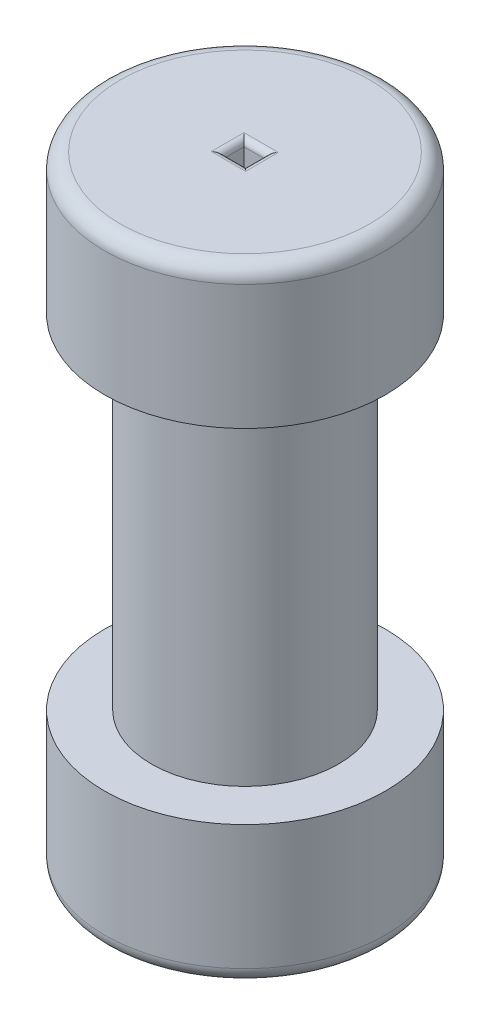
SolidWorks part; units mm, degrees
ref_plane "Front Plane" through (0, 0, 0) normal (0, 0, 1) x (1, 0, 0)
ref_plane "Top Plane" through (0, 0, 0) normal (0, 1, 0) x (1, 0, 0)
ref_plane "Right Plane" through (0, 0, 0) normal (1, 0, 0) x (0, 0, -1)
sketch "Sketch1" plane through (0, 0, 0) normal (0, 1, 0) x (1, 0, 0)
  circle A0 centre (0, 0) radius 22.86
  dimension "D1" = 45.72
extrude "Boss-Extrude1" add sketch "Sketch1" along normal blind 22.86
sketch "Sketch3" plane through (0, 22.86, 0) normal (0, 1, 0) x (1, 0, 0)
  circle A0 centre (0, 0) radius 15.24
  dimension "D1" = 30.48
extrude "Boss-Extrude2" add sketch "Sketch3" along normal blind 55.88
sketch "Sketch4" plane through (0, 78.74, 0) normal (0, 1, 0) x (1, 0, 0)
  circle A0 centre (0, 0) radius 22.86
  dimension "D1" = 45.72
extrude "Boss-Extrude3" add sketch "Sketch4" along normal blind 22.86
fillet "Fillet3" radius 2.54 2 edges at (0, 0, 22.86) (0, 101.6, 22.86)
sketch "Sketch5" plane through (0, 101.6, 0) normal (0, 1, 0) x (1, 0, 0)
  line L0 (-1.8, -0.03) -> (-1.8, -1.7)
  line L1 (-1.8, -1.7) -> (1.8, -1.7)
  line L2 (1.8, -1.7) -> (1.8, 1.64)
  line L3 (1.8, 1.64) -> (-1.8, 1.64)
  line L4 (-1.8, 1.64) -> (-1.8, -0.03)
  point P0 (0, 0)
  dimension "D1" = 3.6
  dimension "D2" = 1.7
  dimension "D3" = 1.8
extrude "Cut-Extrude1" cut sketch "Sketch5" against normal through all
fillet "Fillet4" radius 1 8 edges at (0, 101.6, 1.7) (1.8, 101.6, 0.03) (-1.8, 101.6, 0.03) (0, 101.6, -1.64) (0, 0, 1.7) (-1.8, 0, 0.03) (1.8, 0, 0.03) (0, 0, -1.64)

________________________________________

ASSIGNMENT | Please copy the lines in the records above between the one holding "line L4 (-1.8, 1.64) -> (-1.8, -0.03)" and the one holding "normal through all", inclusive, exactly and with no other line.

TASK OUTPUT |
  line L4 (-1.8, 1.64) -> (-1.8, -0.03)
  point P0 (0, 0)
  dimension "D1" = 3.6
  dimension "D2" = 1.7
  dimension "D3" = 1.8
extrude "Cut-Extrude1" cut sketch "Sketch5" against normal through all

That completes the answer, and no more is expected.